A Harvard-MIT-Yale Cyber Scholars Working Group

Wednesday February 3, 2010, 6:00 pm – 8:30 pm
Room E14-633 (6th floor), MIT Campus

75 Amherst, Cambridge, MA

Map: http://tiny.cc/Rm2hI
Announcement: [Insert link here]

How Do We Know What We Know about the Internet? The State of Online Measurement

Fernando Bermejo

Besides our first-hand knowledge of the internet, acquired as online users, a great deal of what we know about the net derives from different forms of measurement and from data sources that provide a constant monitoring of online activities. However, most of this additional knowledge is rather incomplete, fragmented, heavily filtered, and opaque in its production. And while that might not matter to us as everyday users, this talk will argue that it should matter to us as scholars and researchers, it will examine the consequences of this scenario and explore possible alternatives.

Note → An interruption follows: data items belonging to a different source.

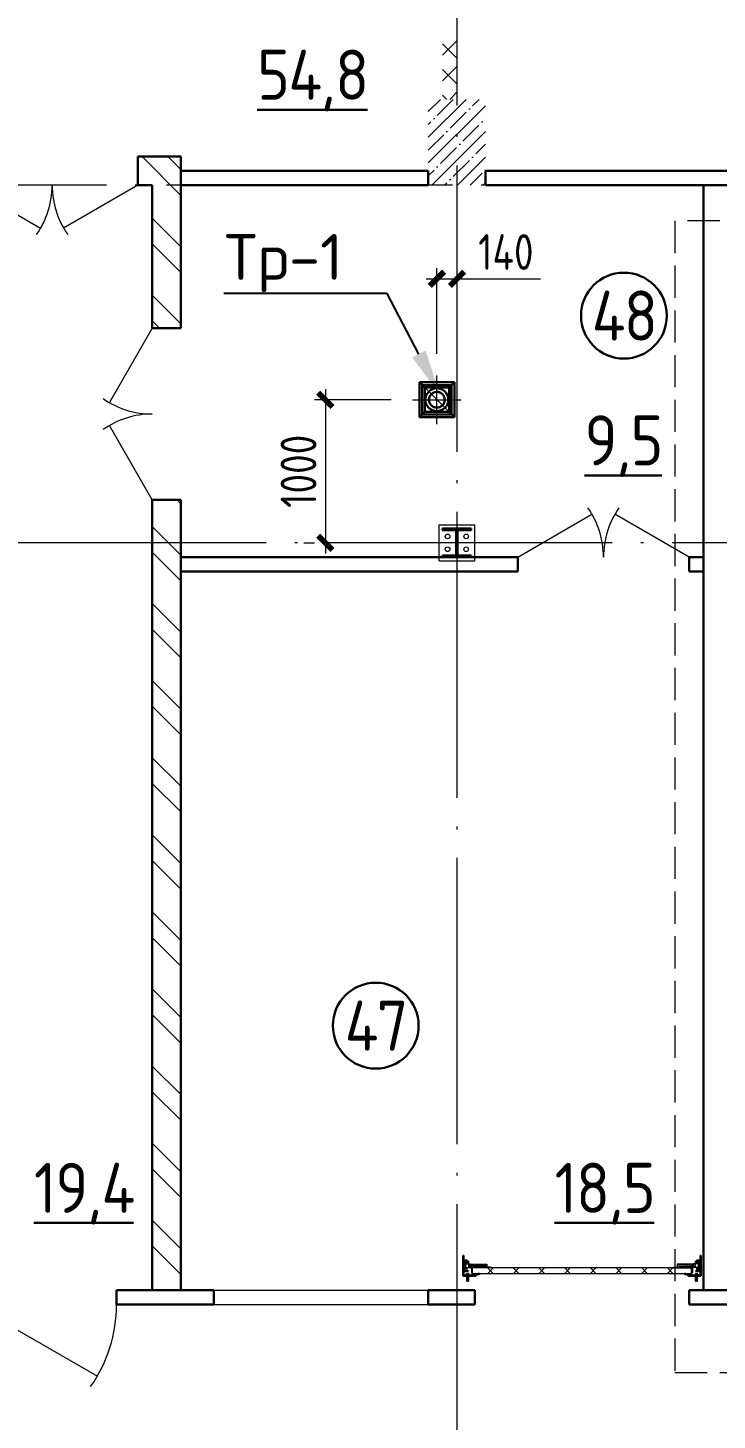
# Model space of a CAD drawing. Extents: x -965262 to 1142518, y -357520 to 71675.
# Drawn here: x -48477 to -43657, y -231785 to -222052 of the extents above; entities that cross this region are included whole.
import ezdxf
from ezdxf import colors
from ezdxf.entities.mleader import LeaderData, LeaderLine
from ezdxf.math import Vec2, Vec3

# ---------------------------------------------------------------- set-up
doc = ezdxf.new("R2010")
doc.units = 0
doc.header["$LTSCALE"] = 10
for name, pattern in [('ACAD_ISO04W100', [30, 24, -3, 0, -3]), ('AM_DIN_F_W050x2', [3.125, 2.25, -0.875]), ('DOTE', [2.42, 2, -0.2, 0.02, -0.2]), ('HIDDEN', [9.525, 6.35, -3.175])]:
    doc.linetypes.add(name, pattern=pattern)
doc.layers.get('0').update_dxf_attribs({"linetype": 'CONTINUOUS', "lineweight": 30})
doc.layers.get('Defpoints').update_dxf_attribs({"linetype": 'CONTINUOUS'})
for name, color, linetype, lineweight in [('DOTE', 7, 'DOTE', 9), ('полы', 3, 'CONTINUOUS', 35), ('Полы_лотки', 7, 'CONTINUOUS', 30)]:
    doc.layers.add(name, color=color, linetype=linetype, lineweight=lineweight)
doc.styles.add('GOST-2.304_Type-B', font='isocpeur.ttf', dxfattribs={"width": 0.9})
doc.styles.get("Standard").update_dxf_attribs({"font": 'isocpeur.ttf', "height": 300})
doc.styles.add('ГОСТ 2м', font='isocpeur.ttf', dxfattribs={"width": 0.8, "height": 250})
doc.dimstyles.new('ГОСТ 2м', dxfattribs={"dimtxt": 250, "dimasz": 100, "dimexe": 75, "dimexo": 150, "dimgap": 62.5, "dimtad": 1, "dimdec": 0, "dimtxsty": 'ГОСТ 2м', "dimblk": 'ARCHTICK', "dimcen": 150, "dimdle": 75, "dimclrd": 256, "dimclre": 256, "dimclrt": 256, "dimadec": 0, "dimazin": 0, "dimtfac": 1, "dimtdec": 0, "dimtmove": 0, "dimatfit": 3, "dimldrblk": 'OBLIQUE', "dimfxl": 1, "dimlwd": 15, "dimlwe": 15, "dimarcsym": 0})

# ---------------------------------------------------------------- blocks, each defined once
blk = doc.blocks.new('MC2')
at = {"lineweight": 15}
for p, q in [((68127, 41566), (68127, 39900)), ((69794, 41566), (68127, 41566)), ((69794, 41566), (69794, 39900)), ((69794, 39900), (68127, 39900))]:
    blk.add_line(p, q, dxfattribs=at)
for p, q in [((69627, 41400), (68294, 41400)), ((68294, 41400), (68294, 41320)), ((68934, 41320), (68294, 41320)), ((68934, 41320), (68934, 40146)), ((69627, 41320), (68987, 41320)), ((68987, 41320), (68987, 40146)), ((69627, 41400), (69627, 41320)), ((68934, 40146), (68294, 40146)), ((68294, 40146), (68294, 40066)), ((69627, 40066), (68294, 40066)), ((69627, 40146), (68987, 40146)), ((69627, 40146), (69627, 40066))]:
    blk.add_line(p, q)
for centre in [(68527, 41033), (69394, 41033), (68527, 40433), (69394, 40433)]:
    blk.add_circle(centre, 107, dxfattribs=at)
blk = doc.blocks.new('anchor.bolt')
for p, q in [((-0.07, 0), (-0.07, -0.72)), ((0.07, 0), (0.07, -0.06)), ((-0.1, -0.04), (-0.07, -0.03)), ((-0.1, -0.04), (0.09, -0.06)), ((0.07, -0.07), (-0.1, -0.04)), ((-0.1, -0.11), (-0.07, -0.1)), ((-0.1, -0.11), (0.09, -0.13)), ((0.07, -0.14), (-0.1, -0.11)), ((-0.1, -0.18), (-0.07, -0.17)), ((-0.1, -0.18), (0.09, -0.2)), ((0.07, -0.21), (-0.1, -0.18)), ((-0.1, -0.25), (-0.07, -0.24)), ((-0.1, -0.25), (0.09, -0.27)), ((0.07, -0.28), (-0.1, -0.25)), ((-0.1, -0.32), (-0.07, -0.31)), ((-0.1, -0.32), (0.09, -0.34)), ((0.07, -0.35), (-0.1, -0.32)), ((-0.1, -0.39), (-0.07, -0.38)), ((-0.1, -0.39), (0.09, -0.41)), ((0.07, -0.42), (-0.1, -0.39)), ((-0.1, -0.46), (-0.07, -0.45)), ((-0.1, -0.46), (0.09, -0.48)), ((0.07, -0.49), (-0.1, -0.46)), ((-0.1, -0.53), (-0.07, -0.52)), ((-0.1, -0.53), (0.09, -0.55)), ((0.07, -0.56), (-0.1, -0.53)), ((-0.09, -0.6), (-0.07, -0.59)), ((-0.09, -0.6), (0.09, -0.62)), ((0.07, -0.63), (-0.09, -0.6)), ((-0.07, -0.72), (0, -0.8)), ((-0.04, -0.62), (-0.06, -0.63)), ((-0.06, -0.64), (-0.06, -0.63)), ((-0.06, -0.73), (-0.06, -0.64)), ((0, -0.79), (-0.06, -0.73)), ((-0.01, -0.63), (-0.04, -0.62)), ((-0.03, -0.63), (0, -0.79)), ((-0.03, -0.63), (0.01, -0.78)), ((-0.02, -0.63), (0.01, -0.77)), ((-0.01, -0.63), (0.02, -0.76)), ((0.03, -0.69), (-0.01, -0.63)), ((0, -0.64), (0.03, -0.75)), ((0, -0.8), (0.07, -0.72)), ((0, -0.79), (0.03, -0.74)), ((0.01, -0.66), (0.03, -0.74)), ((0.03, -0.74), (0.03, -0.69)), ((0.07, -0.06), (0.09, -0.06)), ((0.09, -0.06), (0.07, -0.07)), ((0.07, -0.07), (0.07, -0.13)), ((0.07, -0.13), (0.09, -0.13)), ((0.09, -0.13), (0.07, -0.14)), ((0.07, -0.14), (0.07, -0.2)), ((0.07, -0.2), (0.09, -0.2)), ((0.09, -0.2), (0.07, -0.21)), ((0.07, -0.21), (0.07, -0.27)), ((0.07, -0.27), (0.09, -0.27)), ((0.09, -0.27), (0.07, -0.28)), ((0.07, -0.28), (0.07, -0.34)), ((0.07, -0.33), (0.09, -0.34)), ((0.09, -0.34), (0.07, -0.35)), ((0.07, -0.35), (0.07, -0.41)), ((0.07, -0.4), (0.09, -0.41)), ((0.09, -0.41), (0.07, -0.42)), ((0.07, -0.42), (0.07, -0.48)), ((0.07, -0.47), (0.09, -0.48)), ((0.09, -0.48), (0.07, -0.49)), ((0.07, -0.49), (0.07, -0.55)), ((0.07, -0.55), (0.09, -0.55)), ((0.09, -0.55), (0.07, -0.56)), ((0.07, -0.56), (0.07, -0.62)), ((0.09, -0.62), (0.07, -0.63)), ((0.07, -0.62), (0.09, -0.62)), ((0.07, -0.63), (0.07, -0.72))]:
    blk.add_line(p, q)
blk.add_arc((0.16, -0.64), 0.222, 187.9982, 219.836)
blk = doc.blocks.new('Крепеж_ворот')
at = {"lineweight": 15}
h = blk.add_hatch(dxfattribs=at)
h.set_pattern_fill('ANSI31', color=256, scale=2, angle=180)
h.set_pattern_definition([(225, (746089.599, 74802.7244), (4.49013, -4.49013), [])])
h.paths.add_polyline_path([(746087.1, 74804.1), (746087.1, 74801.6), (746091.1, 74801.6), (746094.2, 74801.9), (746094.2, 74804.1)], flags=17)
h.paths.add_polyline_path([(746116.4, 74801.6, 0.165118), (746119.9, 74802.8), (746124.2, 74806.1, -0.301689), (746131.4, 74806.6), (746134.8, 74804.7, 0.130081), (746137.5, 74803.9), (746142.2, 74803.9), (746142.2, 74806.4), (746137.5, 74806.4, -0.130081), (746136, 74806.9), (746132.6, 74808.8, 0.301689), (746122.7, 74808.1), (746118.3, 74804.7, -0.165112), (746116.4, 74804.1), (746064.1, 74804.1, -0.414223), (746061, 74807.2), (746061, 74868.5), (746059.4, 74868.5), (746059.4, 74868.8), (746059.4, 74869.5), (746059.4, 74870.5), (746059.4, 74870.7), (746059.4, 74871.7), (746059.4, 74872.2), (746059.4, 74873.2), (746059.4, 74873.9), (746059.4, 74874.7), (746059.4, 74875.6), (746059.4, 74876.1), (746059.4, 74877.1), (746059.4, 74877.4), (746059.4, 74878.3), (746059.4, 74879.1), (746059.4, 74879.4), (746061, 74879.4), (746061, 74944.5), (746058.5, 74944.5), (746058.5, 74807.2, 0.41422), (746064.1, 74801.6)])
h = blk.add_hatch(dxfattribs=at)
h.set_pattern_fill('ANSI31', color=256, scale=2, angle=90)
h.set_pattern_definition([(135, (736343.8085, 75928.334), (-4.490128, -4.490128), [])])
edge = h.paths.add_edge_path()
edge.add_ellipse((746065.1, 74838.4), major_axis=(-1.67, 1.67), ratio=1, start_angle=45, end_angle=135, ccw=False)
edge.add_line((746062.7, 74838.4), (746062.7, 74868.5))
edge.add_line((746062.7, 74868.5), (746061, 74868.5))
edge.add_line((746061, 74868.5), (746061, 74838.4))
edge.add_ellipse((746065.1, 74838.4), major_axis=(-2.89, 2.89), ratio=1, start_angle=45, end_angle=135)
edge.add_line((746065.1, 74834.3), (746096.6, 74834.3))
edge.add_line((746096.6, 74834.3), (746096.6, 74836))
edge.add_line((746096.6, 74836), (746065.1, 74836))
edge = h.paths.add_edge_path()
edge.add_ellipse((746065.1, 74890.2), major_axis=(2.89, 2.89), ratio=1, start_angle=106, end_angle=135)
edge.add_line((746061, 74890.2), (746061, 74879.4))
edge.add_line((746061, 74879.4), (746062.7, 74879.4))
edge.add_line((746062.7, 74879.4), (746062.7, 74890.4))
edge.add_ellipse((746065.1, 74890.2), major_axis=(-1.67, 1.67), ratio=1, start_angle=16, end_angle=45, ccw=False)
edge.add_line((746063, 74891.3), (746069.9, 74903.7))
edge.add_ellipse((746079.1, 74898.6), major_axis=(7.45, 7.45), ratio=1, start_angle=-3, end_angle=106, ccw=False)
edge.add_line((746086.9, 74905.7), (746097.5, 74893.9))
edge.add_line((746097.5, 74893.9), (746098.8, 74895.1))
edge.add_line((746098.8, 74895.1), (746088.2, 74906.8))
edge.add_ellipse((746079.1, 74898.6), major_axis=(8.67, 8.67), ratio=1, start_angle=-3, end_angle=106)
edge.add_line((746068.4, 74904.5), (746061.5, 74892.1))
h = blk.add_hatch(color=256, dxfattribs=at)
h.dxf.hatch_style = 1
h.paths.add_polyline_path([(746145.9, 74808.8), (746142.6, 74809.8, 0.10613), (746142.5, 74809.9), (746136.4, 74809.3, -0.181324), (746135.1, 74809.6, 0.335683), (746120.2, 74809.1, -0.119126), (746118.6, 74808.6, 0.371631), (746118, 74808.1), (746117.9, 74807.6, 0.451909), (746118.5, 74806.9, 0.124341), (746121, 74807.6, -0.343618), (746134.1, 74808.2, 0.181324), (746136.5, 74807.6), (746142.5, 74808.2, -0.110452), (746142.6, 74808.2), (746147.2, 74806.6, -0.710497), (746147.2, 74805.5), (746142.6, 74803.9), (746135.7, 74803.9, -0.178994), (746132.7, 74805, 0.369834), (746129.7, 74805, -0.178993), (746126.6, 74803.9), (746122.2, 74803.9, 0.120709), (746121.9, 74803.8), (746119.7, 74802.7, -0.017147), (746119.4, 74802.4, 0.538795), (746119.6, 74802.2), (746127.3, 74802.2, 0.207608), (746130.7, 74803.7, -0.433918), (746131.6, 74803.7, 0.207608), (746135.1, 74802.2), (746142.5, 74802.2, 0.079707), (746142.6, 74802.2), (746147.7, 74803.9, 0.461502), (746149, 74807.1, -0.250825), (746149.1, 74807.6, -0.128039), (746173.1, 74815.5, 0.416657), (746173.7, 74816.2), (746173.6, 74816.9, 0.409849), (746173, 74817.5, 0.127248)])
for p, q in [((746058.5, 74807.2), (746058.5, 74944.5)), ((746058.5, 74944.5), (746061, 74944.5)), ((746061, 74879.4), (746061, 74944.5)), ((746059.4, 74879.4), (746062.7, 74879.4)), ((746059.4, 74868.5), (746059.4, 74879.4)), ((746059.4, 74868.5), (746062.7, 74868.5)), ((746061, 74879.4), (746061, 74890.2)), ((746061, 74807.2), (746061, 74868.5)), ((746061, 74838.4), (746061, 74868.5)), ((746068.4, 74904.5), (746061.5, 74892.1)), ((746062.7, 74838.4), (746062.7, 74890.2)), ((746063.6, 74883), (746062.7, 74883)), ((746063.6, 74864.9), (746062.7, 74864.9)), ((746069.9, 74903.7), (746063, 74891.3)), ((746063.6, 74883), (746063.6, 74873.9)), ((746067.2, 74880.2), (746063.6, 74883)), ((746063.6, 74873.9), (746063.6, 74864.9)), ((746067.2, 74867.6), (746063.6, 74864.9)), ((746064.1, 74875.1), (746064.1, 74872.8)), ((746067.2, 74880.2), (746067.2, 74875.1)), ((746067.2, 74872.8), (746067.2, 74867.6)), ((746086.9, 74905.7), (746097.5, 74893.9)), ((746088.2, 74906.8), (746098.8, 74895.1)), ((746097.5, 74893.9), (746098.8, 74895.1)), ((746064.1, 74804.1), (746116.4, 74804.1)), ((746064.1, 74801.6), (746116.4, 74801.6)), ((746096.6, 74836), (746065.1, 74836)), ((746096.6, 74834.3), (746065.1, 74834.3)), ((746079, 74805.9), (746102.4, 74805.9)), ((746079, 74805.9), (746079, 74804.1)), ((746079, 74804.1), (746102.4, 74804.1)), ((746082.5, 74814.1), (746081.2, 74813.3)), ((746081.2, 74813.3), (746081.2, 74805.9)), ((746098.9, 74814.1), (746082.5, 74814.1)), ((746085.9, 74813.3), (746085.9, 74805.9)), ((746095.4, 74813.3), (746095.4, 74805.9)), ((746096.6, 74834.3), (746096.6, 74836)), ((746098.9, 74814.1), (746100.1, 74813.3)), ((746100.1, 74813.3), (746100.1, 74805.9)), ((746102.4, 74805.9), (746102.4, 74804.1)), ((746118.3, 74804.7), (746122.7, 74808.1)), ((746119.9, 74802.8), (746124.2, 74806.1)), ((746134.8, 74804.7), (746131.4, 74806.6)), ((746136, 74806.9), (746132.6, 74808.8)), ((746142.2, 74806.4), (746137.5, 74806.4)), ((746137.5, 74803.9), (746142.2, 74803.9)), ((746142.2, 74806.4), (746142.2, 74803.9)), ((746142.2, 74803.9), (746142.2, 74806.4)), ((746142.6, 74803.9), (746147.2, 74805.5)), ((746142.6, 74802.2), (746147.7, 74803.9)), ((746173.6, 74816.9), (746173.7, 74816.2))]:
    blk.add_line(p, q)
for p, q in [((746061, 74879.4), (746061, 74881.3)), ((746061, 74833.9), (746061, 74868.5)), ((746062.7, 74883), (746062.7, 74873.9)), ((746062.7, 74873.9), (746062.7, 74864.9)), ((746073.1, 74841.7), (746073.1, 74905.2)), ((746073.1, 74895.8), (746076.7, 74892.3)), ((746073.1, 74851), (746076.7, 74854.6)), ((746074.3, 74885.9), (746074.3, 74861)), ((746074.3, 74879.9), (746075.7, 74879.9)), ((746074.3, 74867), (746075.7, 74867)), ((746076.9, 74873.4), (746075.7, 74879.9)), ((746075.7, 74879.9), (746075.7, 74867)), ((746076.9, 74873.4), (746075.7, 74867)), ((746076, 74885.9), (746076, 74882.6)), ((746076, 74864.3), (746076, 74861)), ((746076.2, 74882.6), (746076.2, 74885.6)), ((746076.2, 74885.6), (746076.8, 74885.6)), ((746076.2, 74864.3), (746076.2, 74882.6)), ((746076.2, 74864.3), (746076.2, 74861.3)), ((746076.2, 74861.3), (746076.8, 74861.3)), ((746076.8, 74885.6), (746076.8, 74892)), ((746076.8, 74861.3), (746076.8, 74854.9)), ((746081.4, 74897.6), (746081.4, 74886.4)), ((746081.4, 74849.3), (746081.4, 74860.5)), ((746087.4, 74898), (746081.7, 74897.9)), ((746087.4, 74848.8), (746081.7, 74848.9)), ((746082.1, 74885.6), (746087.4, 74885.6)), ((746082.1, 74861.3), (746087.4, 74861.3)), ((746087.4, 74899.5), (746087.4, 74898)), ((746087.4, 74885.6), (746087.4, 74898)), ((746087.4, 74885.6), (746098.3, 74885.6)), ((746087.4, 74848.7), (746087.4, 74861.3)), ((746087.4, 74861.3), (746098.3, 74861.3)), ((746087.4, 74847.4), (746087.4, 74848.8)), ((746098.7, 74885.2), (746098.7, 74882.6)), ((746098.7, 74882.6), (746098.7, 74864.3)), ((746098.7, 74881.6), (746099.8, 74881.6)), ((746098.7, 74865.3), (746099.8, 74865.3)), ((746098.7, 74861.6), (746098.7, 74864.3)), ((746099.8, 74861.2), (746099.8, 74885.7)), ((746099.8, 74885.7), (746110.3, 74885.7)), ((746099.8, 74861.2), (746110.3, 74861.2)), ((746110.3, 74861.2), (746110.3, 74885.7)), ((746110.3, 74881.5), (746224.7, 74881.5)), ((746110.3, 74865.4), (746212.5, 74865.4)), ((746113.8, 74877.2), (746224.7, 74877.2)), ((746250.5, 74858.8), (746250.5, 74862.8))]:
    blk.add_line(p, q, dxfattribs=at)
at = {"lineweight": 15, "ltscale": 0.5}
for p, q in [((746076, 74885.9), (746074.3, 74885.9)), ((746076, 74861), (746074.3, 74861))]:
    blk.add_line(p, q, dxfattribs=at)
at = {"lineweight": 15, "extrusion": (-1.7375e-14, 1, 0)}
for p, q in [((746112.7, 74883.6), (746224.7, 74883.6)), ((746112.7, 74863.2), (746112.7, 74883.6)), ((746112.7, 74863.2), (746135.6, 74863.2)), ((746116.7, 74856.9), (746116.7, 74828.9)), ((746120.8, 74856.9), (746120.8, 74828.9)), ((746122.6, 74863.2), (746122.6, 74862.8)), ((746250.5, 74862.8), (746122.6, 74862.8)), ((746250.5, 74858.8), (746122.6, 74858.8)), ((746123.8, 74840), (746123.8, 74848.8)), ((746135.6, 74881.9), (746156.6, 74881.9)), ((746135.6, 74863.2), (746135.6, 74881.9)), ((746156.6, 74881.9), (746156.6, 74863.2)), ((746156.6, 74863.2), (746212.5, 74863.2)), ((746117.3, 74826.3), (746119, 74822.8)), ((746119, 74822.8), (746122.6, 74824.6)), ((746122.6, 74824.6), (746120.9, 74828))]:
    blk.add_line(p, q, dxfattribs=at)
at = {"lineweight": 15, "ltscale": 0.5, "extrusion": (-1.7375e-14, 1, 0)}
for p, q in [((746112.7, 74879.5), (746224.7, 74879.5)), ((746135.6, 74865.8), (746112.7, 74865.8)), ((746114.9, 74871.2), (746120.4, 74871.2)), ((746120.8, 74856.9), (746116.7, 74856.9)), ((746117.2, 74851.9), (746116.7, 74853.9)), ((746119.8, 74839), (746119.8, 74849.8)), ((746123.8, 74847.8), (746119.8, 74847.8)), ((746122.6, 74868.9), (746122.6, 74863.2)), ((746122.6, 74862.8), (746122.6, 74858.8)), ((746139.7, 74862.8), (746139.7, 74858.8)), ((746152.5, 74862.8), (746152.5, 74858.8)), ((746212.5, 74865.8), (746156.6, 74865.8)), ((746173.5, 74862.8), (746173.5, 74858.8)), ((746120.8, 74840.1), (746116.7, 74840.1)), ((746117.2, 74836.9), (746116.7, 74835)), ((746120.8, 74829.2), (746116.7, 74829.2)), ((746123.8, 74841), (746119.8, 74841))]:
    blk.add_line(p, q, dxfattribs=at)
at = {"lineweight": 15, "extrusion": (-2.77556e-16, -1, 0)}
for p, q in [((746224.7, 74865.6), (746113.8, 74865.6)), ((746128, 74865.6), (746128, 74863.3)), ((746137.6, 74865.6), (746137.6, 74863.3)), ((746164.4, 74865.6), (746164.4, 74863.3)), ((746174, 74865.6), (746174, 74863.3)), ((746200.8, 74865.6), (746200.8, 74863.3)), ((746210.4, 74865.6), (746210.4, 74863.3)), ((746224.7, 74883.6), (746224.7, 74863.3))]:
    blk.add_line(p, q, dxfattribs=at)
at = {"extrusion": (-1, -4.26669e-14, 0)}
for p, q in [((746117.9, 74807.6), (746118, 74808.1)), ((746136.4, 74809.3), (746142.5, 74809.9)), ((746142.5, 74808.2), (746136.5, 74807.6)), ((746142.6, 74809.8), (746145.9, 74808.8)), ((746147.2, 74806.6), (746142.6, 74808.2))]:
    blk.add_line(p, q, dxfattribs=at)
at = {"extrusion": (-1, -4.2422e-14, 1.22461e-16)}
for p, q in [((746119.5, 74802.5), (746121.9, 74803.8)), ((746127.3, 74802.2), (746119.6, 74802.2)), ((746122.2, 74803.9), (746126.6, 74803.9)), ((746142.5, 74802.2), (746135.1, 74802.2)), ((746135.7, 74803.9), (746142.5, 74803.9))]:
    blk.add_line(p, q, dxfattribs=at)
at = {"lineweight": 15}
for centre, radius, start, end in [((746079.1, 74899.5), 8.28, 0, 136.00967), ((746079.1, 74847.4), 8.28, 223.99033, 0), ((746077, 74882.6), 0.956, 180, 270), ((746077, 74864.3), 0.956, 90, 180), ((746077, 74882.6), 0.75, 180, 270), ((746077, 74864.3), 0.75, 90, 180), ((746076.4, 74892), 0.375, 0, 45), ((746076.4, 74854.9), 0.375, 315, 0), ((746081.8, 74897.6), 0.375, 91, 180), ((746082.1, 74886.4), 0.75, 180, 270), ((746082.1, 74860.5), 0.75, 90, 180), ((746081.8, 74849.3), 0.375, 180, 269), ((746098.3, 74885.2), 0.375, 0, 90), ((746098.3, 74861.6), 0.375, 270, 0), ((746122.6, 74856.9), 5.92, 90, 180), ((746122.6, 74856.9), 1.87, 90, 180), ((746128.6, 74855.4), 8.15, 194.99861, 233.92136), ((746122.6, 74828.9), 5.92, 180, 199.64644), ((746128.6, 74833.4), 8.15, 126.07864, 165.00139), ((746122.6, 74828.9), 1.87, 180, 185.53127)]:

Lost in Translation: The Open Patent Project

Christopher Wong

While patent databases, such as those provided by the USPTO or www.freepatentsonline.com, provide comprehensive information about the contents of a patent—the abstract, prior art references, specification, claims, drawings, etc.—they are limited in their scope and utility. This program is aimed at increasing the usefulness of patent databases by applying “tagging” and visualization technologies to make the information contained within the patent applications more functional and robust. By allowing the public to apply “tags” to patent information we may create an ontology of related resources that provide context for understanding the information contained in patent documents.

Built from Scratch: Remixing and Online Communities of Cooperation

Andrés Monroy-Hernández

Andrés will describe the ways participants of the Scratch website – a large online community where users, primarily young people – engage in remixing of each others’ shared animations and video games. This website, in which young people have shared close to a million video games and animations, is examined as part of ongoing social computing research on networked technologies that support cooperation. In particular, he will focus on recent work that looks at young people’s attitudes towards remixing, such as the connection between plagiarism complaints and similarities between a remix and the work it is based on.

Fernando Bermejo is a Fellow at the Berkman Center for Internet & Society at Harvard University, and Associate Professor of Communication at Universidad Rey Juan Carlos in Madrid. More info at http://cyber.law.harvard.edu/people/fbermejo

Christopher Wong is a Visiting Fellow at the Information Society Project at Yale Law School and a Postgraduate Fellow at the Institute for Information Law & Policy at New York Law School. He is the former project manager of Peer-to-Patent and currently serves in an advisory role for both the US project and the recently launched Peer-to-Patent Australia.

Andrés Monroy-Hernández is a PhD student at the MIT Media Lab and lead researcher and designer of the Scratch online community. He holds a M.S. in Media Technology from MIT and a B.S. in Computer Science from Tec de Monterrey in México. http://www.mit.edu/~amonroy/

The Harvard-MIT-Yale Cyberscholar Working Group is a forum for fellows and affiliates studying issues confronting the information age to discuss their ongoing research. Each session is focused on the peer review and discussion of current projects submitted by a presenter. Meeting alternatively at Harvard, MIT, and Yale, the working group aims to expand the shared knowledge of young scholars by bringing together these preeminent centers of thought on issues confronting the information age. Discussion sessions are designed to facilitate advancements in the individual research of presenters and in turn encourage exposure among the participants to the multi-disciplinary features of the issues addressed by their own work.